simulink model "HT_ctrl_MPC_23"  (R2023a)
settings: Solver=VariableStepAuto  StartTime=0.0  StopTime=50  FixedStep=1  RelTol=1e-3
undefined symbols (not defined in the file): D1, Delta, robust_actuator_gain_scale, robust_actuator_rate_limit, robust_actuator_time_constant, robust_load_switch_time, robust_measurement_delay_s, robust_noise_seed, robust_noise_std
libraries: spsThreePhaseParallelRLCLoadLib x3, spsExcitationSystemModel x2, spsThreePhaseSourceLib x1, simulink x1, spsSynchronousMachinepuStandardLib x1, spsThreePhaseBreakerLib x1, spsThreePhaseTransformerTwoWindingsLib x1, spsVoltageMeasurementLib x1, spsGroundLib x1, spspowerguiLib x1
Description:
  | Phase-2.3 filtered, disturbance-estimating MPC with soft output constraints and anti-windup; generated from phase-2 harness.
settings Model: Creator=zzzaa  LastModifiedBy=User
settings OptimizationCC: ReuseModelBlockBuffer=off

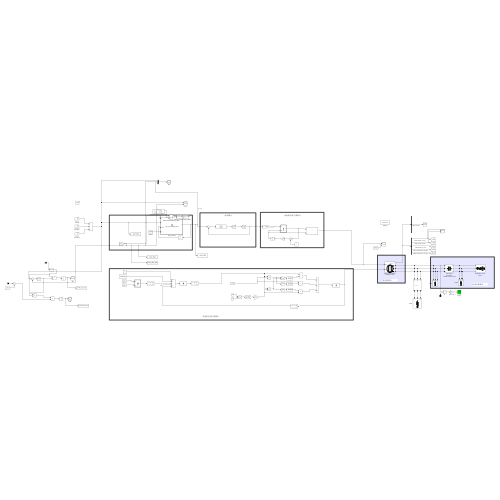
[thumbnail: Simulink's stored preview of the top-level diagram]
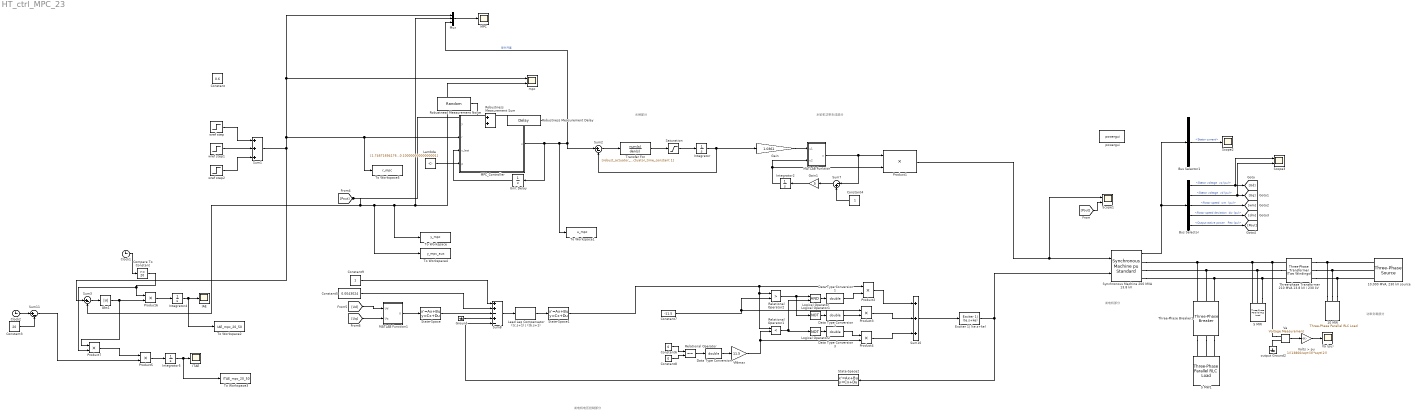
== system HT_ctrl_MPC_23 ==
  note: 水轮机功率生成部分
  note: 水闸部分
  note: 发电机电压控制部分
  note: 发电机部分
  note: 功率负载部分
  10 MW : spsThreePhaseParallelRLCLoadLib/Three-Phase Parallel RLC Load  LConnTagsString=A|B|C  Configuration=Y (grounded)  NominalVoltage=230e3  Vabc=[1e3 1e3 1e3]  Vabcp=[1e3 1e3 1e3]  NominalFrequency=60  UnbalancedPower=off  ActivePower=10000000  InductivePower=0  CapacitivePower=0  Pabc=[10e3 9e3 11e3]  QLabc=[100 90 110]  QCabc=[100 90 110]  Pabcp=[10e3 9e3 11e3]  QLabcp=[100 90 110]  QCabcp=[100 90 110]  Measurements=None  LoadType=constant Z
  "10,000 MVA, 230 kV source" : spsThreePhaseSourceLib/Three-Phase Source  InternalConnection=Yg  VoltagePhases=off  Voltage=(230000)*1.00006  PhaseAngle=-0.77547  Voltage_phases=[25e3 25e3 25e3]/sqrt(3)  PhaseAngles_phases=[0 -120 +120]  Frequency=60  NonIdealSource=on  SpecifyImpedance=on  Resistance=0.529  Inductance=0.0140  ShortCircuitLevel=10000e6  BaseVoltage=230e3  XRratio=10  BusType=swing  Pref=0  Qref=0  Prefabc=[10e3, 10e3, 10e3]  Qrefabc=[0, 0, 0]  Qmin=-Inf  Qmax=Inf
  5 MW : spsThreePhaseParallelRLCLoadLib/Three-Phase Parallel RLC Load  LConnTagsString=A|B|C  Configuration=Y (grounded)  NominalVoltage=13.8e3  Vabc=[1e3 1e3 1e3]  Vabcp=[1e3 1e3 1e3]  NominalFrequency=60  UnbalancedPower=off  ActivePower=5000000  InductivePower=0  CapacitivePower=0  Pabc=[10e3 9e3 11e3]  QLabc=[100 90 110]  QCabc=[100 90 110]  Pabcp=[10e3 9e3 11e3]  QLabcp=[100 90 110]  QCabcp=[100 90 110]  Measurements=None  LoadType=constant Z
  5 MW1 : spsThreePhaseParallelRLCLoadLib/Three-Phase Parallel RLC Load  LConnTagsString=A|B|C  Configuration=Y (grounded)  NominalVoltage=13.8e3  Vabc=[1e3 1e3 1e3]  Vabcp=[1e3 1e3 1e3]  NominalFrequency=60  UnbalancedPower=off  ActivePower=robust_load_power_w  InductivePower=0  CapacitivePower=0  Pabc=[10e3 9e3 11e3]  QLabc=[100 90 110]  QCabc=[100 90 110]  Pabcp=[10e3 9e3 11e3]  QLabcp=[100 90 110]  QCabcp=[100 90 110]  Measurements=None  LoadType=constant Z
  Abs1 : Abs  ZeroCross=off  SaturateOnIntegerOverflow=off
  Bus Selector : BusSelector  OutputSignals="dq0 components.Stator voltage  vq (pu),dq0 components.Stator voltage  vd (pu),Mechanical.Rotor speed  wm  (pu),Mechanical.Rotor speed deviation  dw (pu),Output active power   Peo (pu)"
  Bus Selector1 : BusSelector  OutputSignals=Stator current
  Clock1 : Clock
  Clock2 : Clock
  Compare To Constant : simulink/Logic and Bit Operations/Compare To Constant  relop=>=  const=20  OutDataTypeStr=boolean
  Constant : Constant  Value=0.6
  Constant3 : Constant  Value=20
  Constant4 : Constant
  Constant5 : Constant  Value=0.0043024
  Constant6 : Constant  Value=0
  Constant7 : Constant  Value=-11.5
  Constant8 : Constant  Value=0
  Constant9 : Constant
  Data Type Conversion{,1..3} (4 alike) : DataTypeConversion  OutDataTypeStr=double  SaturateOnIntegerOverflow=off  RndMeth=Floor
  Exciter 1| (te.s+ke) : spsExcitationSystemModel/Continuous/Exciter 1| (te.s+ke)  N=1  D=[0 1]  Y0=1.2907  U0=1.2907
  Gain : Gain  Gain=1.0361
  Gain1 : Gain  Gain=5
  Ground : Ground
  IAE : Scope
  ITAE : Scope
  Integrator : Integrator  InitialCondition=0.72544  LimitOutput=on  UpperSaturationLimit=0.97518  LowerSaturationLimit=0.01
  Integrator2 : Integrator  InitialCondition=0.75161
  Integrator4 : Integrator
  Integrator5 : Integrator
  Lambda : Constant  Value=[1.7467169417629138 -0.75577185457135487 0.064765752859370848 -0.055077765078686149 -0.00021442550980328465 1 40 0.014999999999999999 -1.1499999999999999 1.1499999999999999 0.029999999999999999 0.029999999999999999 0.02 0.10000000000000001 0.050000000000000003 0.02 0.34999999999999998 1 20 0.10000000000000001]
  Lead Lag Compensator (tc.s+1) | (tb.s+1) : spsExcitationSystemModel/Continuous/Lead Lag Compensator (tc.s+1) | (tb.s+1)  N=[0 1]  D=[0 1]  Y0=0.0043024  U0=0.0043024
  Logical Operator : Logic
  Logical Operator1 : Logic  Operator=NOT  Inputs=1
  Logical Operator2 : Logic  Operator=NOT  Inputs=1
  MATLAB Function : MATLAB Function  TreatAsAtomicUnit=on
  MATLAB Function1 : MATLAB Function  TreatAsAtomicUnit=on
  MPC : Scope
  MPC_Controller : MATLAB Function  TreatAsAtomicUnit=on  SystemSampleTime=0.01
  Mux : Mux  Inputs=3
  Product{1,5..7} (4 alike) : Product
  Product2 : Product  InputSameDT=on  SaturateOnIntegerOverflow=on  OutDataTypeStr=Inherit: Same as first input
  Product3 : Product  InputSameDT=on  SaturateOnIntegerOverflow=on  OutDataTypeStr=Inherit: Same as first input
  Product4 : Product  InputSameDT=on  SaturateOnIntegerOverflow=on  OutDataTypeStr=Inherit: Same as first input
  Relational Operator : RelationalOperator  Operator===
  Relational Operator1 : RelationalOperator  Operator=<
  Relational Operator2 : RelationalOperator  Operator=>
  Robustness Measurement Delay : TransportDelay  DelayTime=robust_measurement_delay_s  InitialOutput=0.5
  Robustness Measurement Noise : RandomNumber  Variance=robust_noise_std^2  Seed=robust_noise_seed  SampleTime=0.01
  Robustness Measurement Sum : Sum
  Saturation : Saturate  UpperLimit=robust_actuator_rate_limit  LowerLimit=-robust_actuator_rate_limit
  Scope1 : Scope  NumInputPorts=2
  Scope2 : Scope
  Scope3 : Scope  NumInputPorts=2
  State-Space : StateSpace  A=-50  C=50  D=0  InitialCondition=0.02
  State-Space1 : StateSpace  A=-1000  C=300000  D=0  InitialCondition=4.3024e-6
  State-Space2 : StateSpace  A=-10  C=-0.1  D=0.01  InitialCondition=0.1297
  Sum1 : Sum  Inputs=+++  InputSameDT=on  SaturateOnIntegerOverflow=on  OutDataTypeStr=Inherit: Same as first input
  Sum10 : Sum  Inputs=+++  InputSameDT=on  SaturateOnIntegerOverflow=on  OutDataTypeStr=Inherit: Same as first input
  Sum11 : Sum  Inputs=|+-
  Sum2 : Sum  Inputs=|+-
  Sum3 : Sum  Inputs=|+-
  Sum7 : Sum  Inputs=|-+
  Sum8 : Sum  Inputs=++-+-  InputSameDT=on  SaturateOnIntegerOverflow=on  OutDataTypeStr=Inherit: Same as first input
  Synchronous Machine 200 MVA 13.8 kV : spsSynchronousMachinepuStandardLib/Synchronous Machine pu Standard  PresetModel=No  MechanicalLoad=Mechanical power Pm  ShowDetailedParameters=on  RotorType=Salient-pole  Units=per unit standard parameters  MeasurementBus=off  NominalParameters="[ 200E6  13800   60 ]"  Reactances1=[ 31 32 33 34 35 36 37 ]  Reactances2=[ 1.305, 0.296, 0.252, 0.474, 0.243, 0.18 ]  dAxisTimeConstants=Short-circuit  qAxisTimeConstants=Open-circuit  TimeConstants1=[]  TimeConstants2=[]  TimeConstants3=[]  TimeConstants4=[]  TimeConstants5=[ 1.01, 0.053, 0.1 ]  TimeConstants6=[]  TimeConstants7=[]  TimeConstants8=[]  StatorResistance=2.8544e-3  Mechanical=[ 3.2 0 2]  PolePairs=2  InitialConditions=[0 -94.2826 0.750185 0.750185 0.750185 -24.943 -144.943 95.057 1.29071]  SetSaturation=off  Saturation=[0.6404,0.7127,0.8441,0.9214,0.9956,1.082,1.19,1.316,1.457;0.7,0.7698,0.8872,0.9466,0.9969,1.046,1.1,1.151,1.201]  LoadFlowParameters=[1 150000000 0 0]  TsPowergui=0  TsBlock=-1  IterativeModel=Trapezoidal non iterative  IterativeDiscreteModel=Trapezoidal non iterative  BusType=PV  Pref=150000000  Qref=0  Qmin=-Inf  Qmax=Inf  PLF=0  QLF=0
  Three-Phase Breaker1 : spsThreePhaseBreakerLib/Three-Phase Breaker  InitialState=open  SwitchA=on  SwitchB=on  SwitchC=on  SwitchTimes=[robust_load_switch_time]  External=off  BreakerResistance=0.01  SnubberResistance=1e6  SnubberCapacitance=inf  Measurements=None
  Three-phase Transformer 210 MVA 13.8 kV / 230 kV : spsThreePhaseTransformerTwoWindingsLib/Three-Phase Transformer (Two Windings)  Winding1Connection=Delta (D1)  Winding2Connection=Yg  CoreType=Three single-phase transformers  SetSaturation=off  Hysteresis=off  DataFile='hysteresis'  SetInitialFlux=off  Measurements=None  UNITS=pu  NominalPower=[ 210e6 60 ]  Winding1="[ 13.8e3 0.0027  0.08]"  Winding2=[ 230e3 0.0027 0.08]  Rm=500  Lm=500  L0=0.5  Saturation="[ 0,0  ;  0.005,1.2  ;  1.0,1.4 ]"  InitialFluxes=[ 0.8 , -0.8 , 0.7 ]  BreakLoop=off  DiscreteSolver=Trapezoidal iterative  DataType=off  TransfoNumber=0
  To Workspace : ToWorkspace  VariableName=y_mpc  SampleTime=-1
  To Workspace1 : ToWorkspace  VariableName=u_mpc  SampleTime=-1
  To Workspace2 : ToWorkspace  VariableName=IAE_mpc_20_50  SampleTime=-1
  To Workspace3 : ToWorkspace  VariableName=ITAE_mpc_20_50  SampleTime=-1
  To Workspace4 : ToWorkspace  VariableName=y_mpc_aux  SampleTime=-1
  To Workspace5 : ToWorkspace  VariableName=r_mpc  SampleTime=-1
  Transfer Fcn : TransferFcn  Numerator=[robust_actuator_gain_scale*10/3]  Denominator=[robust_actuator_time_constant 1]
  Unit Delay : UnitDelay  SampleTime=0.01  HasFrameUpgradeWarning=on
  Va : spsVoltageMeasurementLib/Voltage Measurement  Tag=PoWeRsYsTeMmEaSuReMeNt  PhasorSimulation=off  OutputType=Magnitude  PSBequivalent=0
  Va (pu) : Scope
========
## What to work on
Search the listing for "Scope" and copy each line holding it.

## Output below
  IAE : Scope
  ITAE : Scope
  MPC : Scope
  Scope1 : Scope  NumInputPorts=2
  Scope2 : Scope
  Scope3 : Scope  NumInputPorts=2
  Va (pu) : Scope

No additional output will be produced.